Reviewer response for version 1

Peter Mertens 1

The manuscript submitted by Lazo-Porras et al. entitled “Foot thermometry with mHealth-based supplementation to prevent diabetic foot ulcers: A randomized controlled trial” is a well performed clinical study with published study protocol and enormous effort to ensure proper sampling of data.

The main finding of the study is reported as a negative outcome finding: mHealth does not add to the adherence of the patients at risk for diabetic foot ulceration to perform daily thermometry. There may be numerous interpretations and reasons for this negative result, which at first sight surprises and is counterintuitive to the general field.

As referee I ask myself whether this is unexpected or whether there is an outlying explanation. The study protocol states: “Periodic assessments of the participants involving a general checkup and lower extremity evaluation was conducted every two months by the nurse evaluator.” Thus every participant was seen at least every second month by the nurse practitioner and the conversations within this assessment may be more important than the messages (either voice or text messages). What was the duration of the consultations? Was it standardized? It is my impression that these contacts may have skewed the results markedly and these effects have not been tested, as far as I understand the study.

Another important aspect may be that the alarms have not been analyzed in their consequences. Have there been additional contacts to the study centre? Have these been recorded? How may a bias been excluded.

In addition there is an unfortunate bias due to more DFU in the intervention group which makes it difficult to draw solid conclusions.

The statements regarding the effectiveness of mHealth should be weakened markedly given the limitations and shortcomings of the study. These should therefore be stated in the respective chapters (abstract, discussion,conclusions).

Is the work clearly and accurately presented and does it cite the current literature?

Yes

If applicable, is the statistical analysis and its interpretation appropriate?

Yes

Are all the source data underlying the results available to ensure full reproducibility?

Yes

Is the study design appropriate and is the work technically sound?

Yes

Are the conclusions drawn adequately supported by the results?

Partly

Are sufficient details of methods and analysis provided to allow replication by others?

Yes

Reviewer Expertise:

Diabetes and secondary diseases, complications, endocrinology, nephrology.

I confirm that I have read this submission and believe that I have an appropriate level of expertise to confirm that it is of an acceptable scientific standard, however I have significant reservations, as outlined above.

Wellcome Open Res. 2020 Jul 1.
Maria Lazo-Porras 1

1. The manuscript submitted by Lazo-Porras et al. entitled “Foot thermometry with mHealth-based supplementation to prevent diabetic foot ulcers: A randomized controlled trial” is a well performed clinical study with published study protocol and enormous effort to ensure proper sampling of data. 

Response: We very much appreciate your comment. Thank you.

2. The main finding of the study is reported as a negative outcome finding: mHealth does not add to the adherence of the patients at risk for diabetic foot ulceration to perform daily thermometry. There may be numerous interpretations and reasons for this negative result, which at first sight surprises and is counterintuitive to the general field. 

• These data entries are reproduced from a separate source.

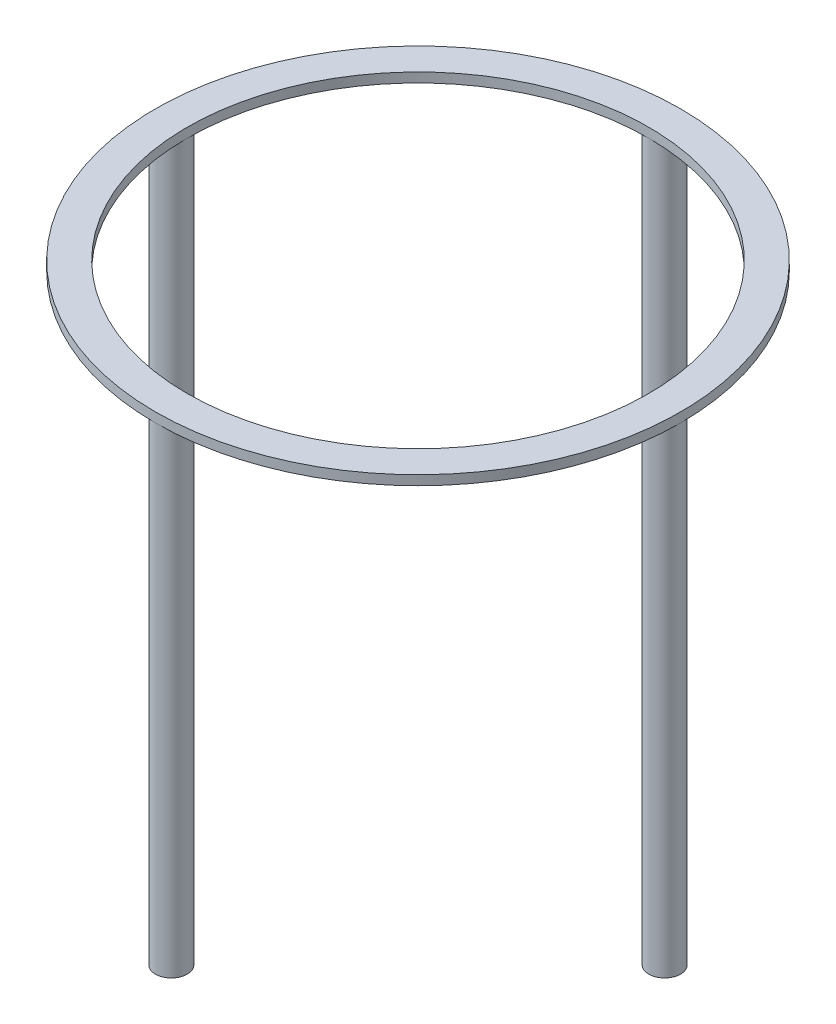
from build123d import *

# Parameters (mm, degrees)
SKETCH1_R           = 82.5
SKETCH1_R_2         = 72.5
BOSS_EXTRUDE1_DEPTH = 3
SKETCH2_R           = 5
BOSS_EXTRUDE2_DEPTH = 150


with BuildPart() as part:
    # Sketch1 → Boss-Extrude1 (new body)
    with BuildSketch(Plane(origin=(0, 0, 0), x_dir=(1, 0, 0), z_dir=(0, 1, 0))):
        Circle(SKETCH1_R)
        Circle(SKETCH1_R_2, mode=Mode.SUBTRACT)
    extrude(amount=BOSS_EXTRUDE1_DEPTH)

    # Sketch2 → Boss-Extrude2 (add)
    with BuildSketch(Plane(origin=(0, 0, 0), x_dir=(1, 0, 0), z_dir=(0, 1, 0))):
        with Locations((-77.5, 0)):
            Circle(SKETCH2_R)
        with Locations((0, -77.5)):
            Circle(SKETCH2_R)
        with Locations((77.5, 0)):
            Circle(SKETCH2_R)
        with Locations((0, 77.5)):
            Circle(SKETCH2_R)
    extrude(amount=-BOSS_EXTRUDE2_DEPTH)


solid = part.part

As referee I ask myself whether this is unexpected or whether there is an outlying explanation. The study protocol states: “Periodic assessments of the participants involving a general checkup and lower extremity evaluation was conducted every two months by the nurse evaluator.” Thus every participant was seen at least every second month by the nurse practitioner and the conversations within this assessment may be more important than the messages (either voice or text messages). What was the duration of the consultations? Was it standardized? It is my impression that these contacts may have skewed the results markedly and these effects have not been tested, as far as I understand the study.

Response: The reviewer raises an important point related to the frequency of contacts between the study participants and the health system, which may help understanding the negative effects of our intervention. Prior to the study, we do not have any information about the participant’s frequency of contact with the health system. In principle, as part of the existing usual care, patients may be asked to visit their doctor every three months and whether or not they meet that criteria may have been affected by a variety of reasons, e.g. distance, transportation, availability of an appointment, costs, etc.  So, yes, we concur with the observation that our study promoted more frequent visits to the health system than usual care, and this may have had a role in the prevention of foot ulceration. 

Also, we did not collect the duration of the follow-up visit but the assessment included a questionnaire about medication, use of shoes and/or insoles, presence of a caregiver, blood pressure measurement and foot evaluation. These interactions could have impact the study findings skewed the results markedly.    We added the following in the manuscript:

 “The low rate of ulceration occurrence in our study could be potentially explained by two factors. First, that the participants did follow the instructions to reduce physical activity when observing alarm signs, even when they were not for two consecutive days or if they did not seek or receive the feedback of the study nurse. This is because the recommendations about reducing foot pressure and physical activity were given at the beginning of the study (videos) and they were also printed in their logbooks. Secondly, it is possible that the frequent assessment of the participant by the study nurse, every two months, may have played a role among study participants, including the control group.  These two could have contributed to the lack of effect of the mHealth component in reducing foot ulceration.”

3. Another important aspect may be that the alarms have not been analyzed in their consequences. Have there been additional contacts to the study centre? Have these been recorded? How may a bias been excluded? 

Response: Information about the alarms reported to the study nurse was low. However, we do not have reports about additional contacts with the study sites. What we know is that some participants maintained their usual care appointments with their endocrinologists.

4. In addition there is an unfortunate bias due to more DFU in the intervention group which makes it difficult to draw solid conclusions. 

Response: This is true, and we concur. For that reason, we already discuss this as a limitation of the study.

5. The statements regarding the effectiveness of mHealth should be weakened markedly given the limitations and shortcomings of the study. These should therefore be stated in the respective chapters (abstract, discussion, conclusions). 

Response: Yes. This is correct. We have refined our conclusions (see Reviewer 1, response #2).

Wellcome Open Res. 2020 May 26. doi: 10.21956/wellcomeopenres.17001.r38649

Reviewer response for version 1

Javier Ena 1

This is a well-conducted randomized clinical trial including 172 patients at risk of DFU. Randomization technique was well carried out, but unfortunately, there was a greater risk for DFU in the intervention group due to a greater proportion of previous DFU. The intervention was well explained. However, the authors did not assess patients' adherence to recommendations to reduce daily exercise.

Finally, the clinical trial did not show the advantage of using foot thermometry and mHealth supplementation to reduce DFU.

A big caveat of the study is the sample size. According to my estimates, the number of patients included in the clinical trial was too small to show a possible benefit of the intervention. Taking into account a risk of DFU in the control group of 24%, a reduction of 50% in the risk of DFU in the intervention group with a power of 80% and a two-sided alfa error of 5%, the sample size called for 159 patients per arm (Fleiss estimation). 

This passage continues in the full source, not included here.